# An update and some thoughts



## bfree (Sep 30, 2012)

As many of you know in addition to posting on TAM I also work with people in real life who need help and advice regarding relationships. For almost a year I have been attempting to help a woman deal with her marriage and personal relationship issues. I have posted in a few threads about her and have had PM conversations with some of you as well. I've started this thread not only to provide an update but to show new posters and old lurkers what can be accomplished when you're a nice person that has been dealt a bad blow but has taken charge and taken necessary steps to regain control.

The short background is that this woman who we'll call Jane has been married for 27 years. Her husband was often crude and somewhat abrasive but she loved him anyway and their relationship while it had its ups and downs worked on some level and they were relatively happy. That all began to change a couple of years ago. He started pulling away, became more and more emotionally abusive until she began to search for help to save her marriage. That is when I met her. During our conversations I noted several red flags that to me indicated that he was putting his emotional energy into another person. As she insisted that he didn't have time for a full blown affair I attempted to explain to her what an emotional affair was and had hope that things were still salvageable. Those hopes were dashed when after several months she obtained proof that her husband was indeed having a full blown affair...WITH HER SISTER.

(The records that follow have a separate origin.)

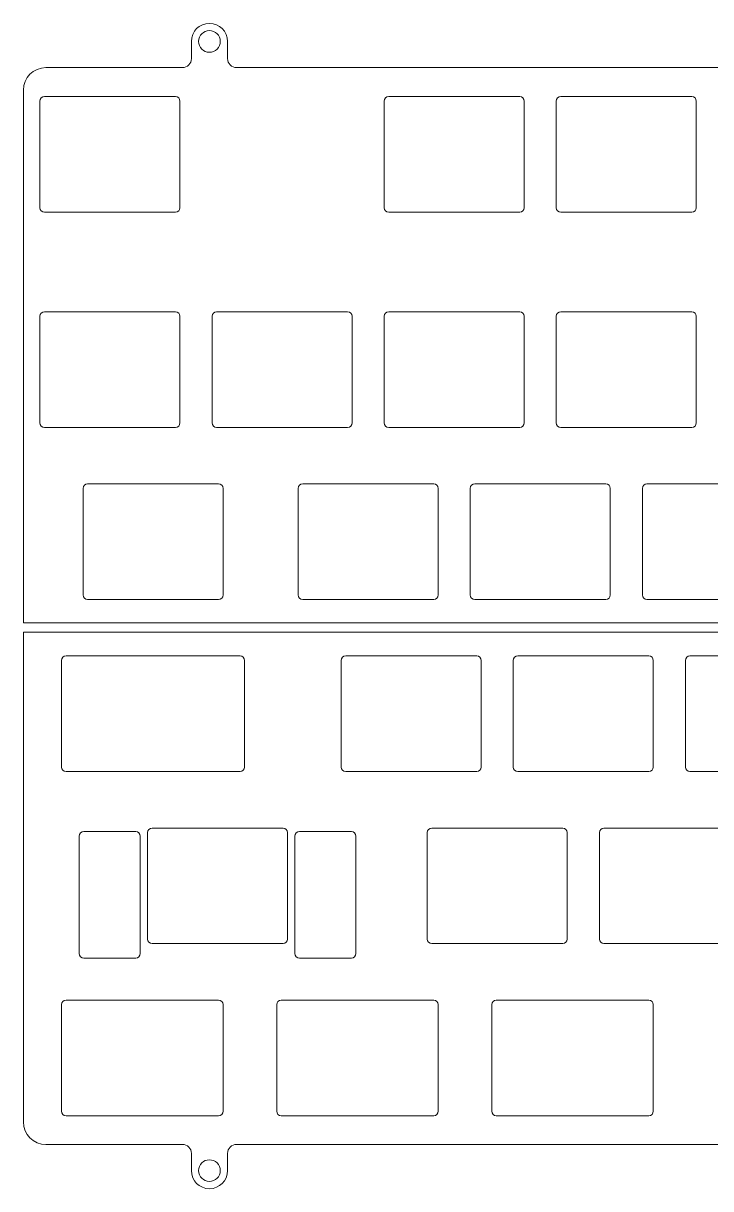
# Model space of a CAD drawing. Extents: x 132 to 481, y -549 to -243.
# Drawn here: x 132 to 208, y -548.9 to -419.9 of the extents above; entities that cross this region are included whole.
import ezdxf

# ---------------------------------------------------------------- set-up
doc = ezdxf.new("R2010")
doc.units = 0
doc.header["$MEASUREMENT"] = 0
doc.layers.add('Layer 1', color=7, linetype='Continuous')

# ---------------------------------------------------------------- blocks, each defined once
blk = doc.blocks.new('block 849')
at = {"layer": 'Layer 1', "color": 7, "lineweight": 9, "true_color": 0xffffff}
blk.add_open_spline([(134.47, -543.98), (133.09, -543.98), (131.97, -542.86), (131.97, -541.48)], degree=3, dxfattribs=at)
blk = doc.blocks.new('block 850')
at = {"layer": 'Layer 1', "color": 7, "lineweight": 9, "true_color": 0xffffff}
blk.add_lwpolyline([(134.47, -543.98), (149.57, -543.98)], dxfattribs=at)
blk = doc.blocks.new('block 851')
at = {"layer": 'Layer 1', "color": 7, "lineweight": 9, "true_color": 0xffffff}
blk.add_open_spline([(150.57, -544.98), (150.57, -544.42), (150.12, -543.98), (149.57, -543.98)], degree=3, dxfattribs=at)
blk = doc.blocks.new('block 852')
at = {"layer": 'Layer 1', "color": 7, "lineweight": 9, "true_color": 0xffffff}
blk.add_lwpolyline([(150.57, -544.98), (150.57, -546.88)], dxfattribs=at)
blk = doc.blocks.new('block 853')
at = {"layer": 'Layer 1', "color": 7, "lineweight": 9, "true_color": 0xffffff}
blk.add_open_spline([(150.57, -546.88), (150.57, -547.98), (151.46, -548.88), (152.57, -548.88), (153.67, -548.88), (154.57, -547.98), (154.57, -546.88)], degree=3, knots=[0, 0, 0, 0, 1, 1, 1, 2, 2, 2, 2], dxfattribs=at)
blk = doc.blocks.new('block 854')
at = {"layer": 'Layer 1', "color": 7, "lineweight": 9, "true_color": 0xffffff}
blk.add_lwpolyline([(154.57, -546.88), (154.57, -544.98)], dxfattribs=at)
blk = doc.blocks.new('block 855')
at = {"layer": 'Layer 1', "color": 7, "lineweight": 9, "true_color": 0xffffff}
blk.add_open_spline([(155.57, -543.98), (155.02, -543.98), (154.57, -544.42), (154.57, -544.98)], degree=3, dxfattribs=at)
blk = doc.blocks.new('block 856')
at = {"layer": 'Layer 1', "color": 7, "lineweight": 9, "true_color": 0xffffff}
blk.add_lwpolyline([(155.57, -543.98), (229.57, -543.98)], dxfattribs=at)
blk = doc.blocks.new('block 879')
at = {"layer": 'Layer 1', "color": 7, "lineweight": 9, "true_color": 0xffffff}
blk.add_lwpolyline([(380.92, -487.28), (131.97, -487.28)], dxfattribs=at)
blk = doc.blocks.new('block 880')
at = {"layer": 'Layer 1', "color": 7, "lineweight": 9, "true_color": 0xffffff}
blk.add_lwpolyline([(131.97, -487.28), (131.97, -541.48)], dxfattribs=at)
blk = doc.blocks.new('block 881')
at = {"layer": 'Layer 1', "color": 7, "lineweight": 9, "true_color": 0xffffff}
blk.add_open_spline([(151.37, -546.88), (151.37, -546.21), (151.9, -545.68), (152.57, -545.68), (153.23, -545.68), (153.77, -546.21), (153.77, -546.88), (153.77, -547.54), (153.23, -548.08), (152.57, -548.08), (151.9, -548.08), (151.37, -547.54), (151.37, -546.88)], degree=3, knots=[0, 0, 0, 0, 1, 1, 1, 2, 2, 2, 3, 3, 3, 4, 4, 4, 4], dxfattribs=at)
blk = doc.blocks.new('block 907')
at = {"layer": 'Layer 1', "color": 7, "lineweight": 9, "true_color": 0xffffff}
blk.add_lwpolyline([(229.57, -424.77), (155.57, -424.77)], dxfattribs=at)
blk = doc.blocks.new('block 908')
at = {"layer": 'Layer 1', "color": 7, "lineweight": 9, "true_color": 0xffffff}
blk.add_open_spline([(154.57, -423.77), (154.57, -424.32), (155.02, -424.77), (155.57, -424.77)], degree=3, dxfattribs=at)
blk = doc.blocks.new('block 909')
at = {"layer": 'Layer 1', "color": 7, "lineweight": 9, "true_color": 0xffffff}
blk.add_lwpolyline([(154.57, -423.77), (154.57, -421.87)], dxfattribs=at)
blk = doc.blocks.new('block 910')
at = {"layer": 'Layer 1', "color": 7, "lineweight": 9, "true_color": 0xffffff}
blk.add_open_spline([(154.57, -421.87), (154.57, -420.76), (153.67, -419.87), (152.57, -419.87), (151.46, -419.87), (150.57, -420.76), (150.57, -421.87)], degree=3, knots=[0, 0, 0, 0, 1, 1, 1, 2, 2, 2, 2], dxfattribs=at)
blk = doc.blocks.new('block 911')
at = {"layer": 'Layer 1', "color": 7, "lineweight": 9, "true_color": 0xffffff}
blk.add_lwpolyline([(150.57, -421.87), (150.57, -423.77)], dxfattribs=at)
blk = doc.blocks.new('block 912')
at = {"layer": 'Layer 1', "color": 7, "lineweight": 9, "true_color": 0xffffff}
blk.add_open_spline([(149.57, -424.77), (150.12, -424.77), (150.57, -424.32), (150.57, -423.77)], degree=3, dxfattribs=at)
blk = doc.blocks.new('block 913')
at = {"layer": 'Layer 1', "color": 7, "lineweight": 9, "true_color": 0xffffff}
blk.add_lwpolyline([(149.57, -424.77), (134.47, -424.77)], dxfattribs=at)
blk = doc.blocks.new('block 914')
at = {"layer": 'Layer 1', "color": 7, "lineweight": 9, "true_color": 0xffffff}
blk.add_open_spline([(131.97, -427.27), (131.97, -425.88), (133.09, -424.77), (134.47, -424.77)], degree=3, dxfattribs=at)
blk = doc.blocks.new('block 915')
at = {"layer": 'Layer 1', "color": 7, "lineweight": 9, "true_color": 0xffffff}
blk.add_lwpolyline([(131.97, -427.27), (131.97, -486.23)], dxfattribs=at)
blk = doc.blocks.new('block 916')
at = {"layer": 'Layer 1', "color": 7, "lineweight": 9, "true_color": 0xffffff}
blk.add_lwpolyline([(131.97, -486.23), (479.78, -486.23)], dxfattribs=at)
blk = doc.blocks.new('block 921')
at = {"layer": 'Layer 1', "color": 7, "lineweight": 9, "true_color": 0xffffff}
blk.add_open_spline([(151.37, -421.87), (151.37, -421.2), (151.9, -420.67), (152.57, -420.67), (153.23, -420.67), (153.77, -421.2), (153.77, -421.87), (153.77, -422.53), (153.23, -423.07), (152.57, -423.07), (151.9, -423.07), (151.37, -422.53), (151.37, -421.87)], degree=3, knots=[0, 0, 0, 0, 1, 1, 1, 2, 2, 2, 3, 3, 3, 4, 4, 4, 4], dxfattribs=at)
blk = doc.blocks.new('block 923')
at = {"layer": 'Layer 1', "color": 7, "lineweight": 9, "true_color": 0xffffff}
blk.add_lwpolyline([(134.31, -427.98), (148.81, -427.98)], dxfattribs=at)
blk = doc.blocks.new('block 924')
at = {"layer": 'Layer 1', "color": 7, "lineweight": 9, "true_color": 0xffffff}
blk.add_lwpolyline([(134.31, -440.78), (148.81, -440.78)], dxfattribs=at)
blk = doc.blocks.new('block 925')
at = {"layer": 'Layer 1', "color": 7, "lineweight": 9, "true_color": 0xffffff}
blk.add_lwpolyline([(133.81, -428.48), (133.81, -440.28)], dxfattribs=at)
blk = doc.blocks.new('block 926')
at = {"layer": 'Layer 1', "color": 7, "lineweight": 9, "true_color": 0xffffff}
blk.add_lwpolyline([(149.31, -428.48), (149.31, -440.28)], dxfattribs=at)
blk = doc.blocks.new('block 927')
at = {"layer": 'Layer 1', "color": 7, "lineweight": 9, "true_color": 0xffffff}
blk.add_open_spline([(134.31, -427.98), (134.04, -427.98), (133.81, -428.21), (133.81, -428.48)], degree=3, dxfattribs=at)
blk = doc.blocks.new('block 928')
at = {"layer": 'Layer 1', "color": 7, "lineweight": 9, "true_color": 0xffffff}
blk.add_open_spline([(149.31, -428.48), (149.31, -428.21), (149.09, -427.98), (148.81, -427.98)], degree=3, dxfattribs=at)
blk = doc.blocks.new('block 929')
at = {"layer": 'Layer 1', "color": 7, "lineweight": 9, "true_color": 0xffffff}
blk.add_open_spline([(133.81, -440.28), (133.81, -440.56), (134.04, -440.78), (134.31, -440.78)], degree=3, dxfattribs=at)
blk = doc.blocks.new('block 930')
at = {"layer": 'Layer 1', "color": 7, "lineweight": 9, "true_color": 0xffffff}
blk.add_open_spline([(148.81, -440.78), (149.09, -440.78), (149.31, -440.56), (149.31, -440.28)], degree=3, dxfattribs=at)
blk = doc.blocks.new('block 931')
at = {"layer": 'Layer 1', "color": 7, "lineweight": 9, "true_color": 0xffffff}
blk.add_lwpolyline([(172.41, -427.98), (186.91, -427.98)], dxfattribs=at)
blk = doc.blocks.new('block 932')
at = {"layer": 'Layer 1', "color": 7, "lineweight": 9, "true_color": 0xffffff}
blk.add_lwpolyline([(172.41, -440.78), (186.91, -440.78)], dxfattribs=at)
blk = doc.blocks.new('block 933')
at = {"layer": 'Layer 1', "color": 7, "lineweight": 9, "true_color": 0xffffff}
blk.add_lwpolyline([(171.91, -428.48), (171.91, -440.28)], dxfattribs=at)
blk = doc.blocks.new('block 934')
at = {"layer": 'Layer 1', "color": 7, "lineweight": 9, "true_color": 0xffffff}
blk.add_lwpolyline([(187.41, -428.48), (187.41, -440.28)], dxfattribs=at)
blk = doc.blocks.new('block 935')
at = {"layer": 'Layer 1', "color": 7, "lineweight": 9, "true_color": 0xffffff}
blk.add_open_spline([(172.41, -427.98), (172.14, -427.98), (171.91, -428.21), (171.91, -428.48)], degree=3, dxfattribs=at)
blk = doc.blocks.new('block 936')
at = {"layer": 'Layer 1', "color": 7, "lineweight": 9, "true_color": 0xffffff}
blk.add_open_spline([(187.41, -428.48), (187.41, -428.21), (187.19, -427.98), (186.91, -427.98)], degree=3, dxfattribs=at)
blk = doc.blocks.new('block 937')
at = {"layer": 'Layer 1', "color": 7, "lineweight": 9, "true_color": 0xffffff}
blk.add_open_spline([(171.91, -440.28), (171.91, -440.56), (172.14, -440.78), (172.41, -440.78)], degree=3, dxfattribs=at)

Now normally I do not advocate exposure if the end goal is divorce but in this case I advised Jane to go full on nuclear exposure with anyone and everyone she could. At first she was hesitant but she soon realized that it was a necessary step for her to be able to take control of her life and end the cycle of codependency and guilt she was feeling. She also decided that she could no longer stay in the apartment they were living in and promptly moved out but not before informing the landlord of what her husband had done. The end result of this exposure was that her husband lost his family, lost his job, lost his home and was generally ostracized from the family and the circle of friends they socialized with. He ended up moving in with the sister since she had also been cut off by all family and friends. Since everyone shunned them the exposure had essentially driven them together.

Jane was not happy at this point but I reassured her that their union would not last because as we all know solid relationships cannot be built upon rotten foundations. I advised Jane to get into counseling to deal with her codependency issues and to help her heal from the abuse she had endured during the last few years of her marriage. She did and after a few months of therapy she felt confident enough to go out socializing again. She met a man and all indications are that things are going extremely well for them. Jane has also decided to go back to school to finish the degree that she started before she had her first child. As for the husband, he's not doing so well. Jane's sister kicked him out a couple of months ago and he is staying in a rooming house with a guy he met recently. He still doesn't have a steady job and his prospects are few and far between since his old boss was also betrayed by a cheating wife and has put the word out. Jane's sister has attempted to contact members of the family but has been rebuked every time. She is now a very lonely sad individual. We joked that she might as well start collecting cats since they are the only option she will have for friends for the foreseeable future.

Now I am not posting this to receive any pats on the back. On the contrary I didn't really do anything - Jane did it all. I just want people to realize that when something like this happens don't sit back and let life walk all over you. Take charge, take action and do the things that are necessary to get yourself back on solid footing. I know its scary and sometimes it will be painful but this is YOUR LIFE. Don't let anyone run it for you.


----------



## ThePheonix (Jan 3, 2013)

As fun as it was to watch these two clowns go down with the ship, the important part is she's now free of the hell she was in and the stagnation that went with it.


----------



## PhillyGuy13 (Nov 29, 2013)

Great outcome for Jane, bfree. I am sure you were more instrumental to her healing than you give yourself credit for.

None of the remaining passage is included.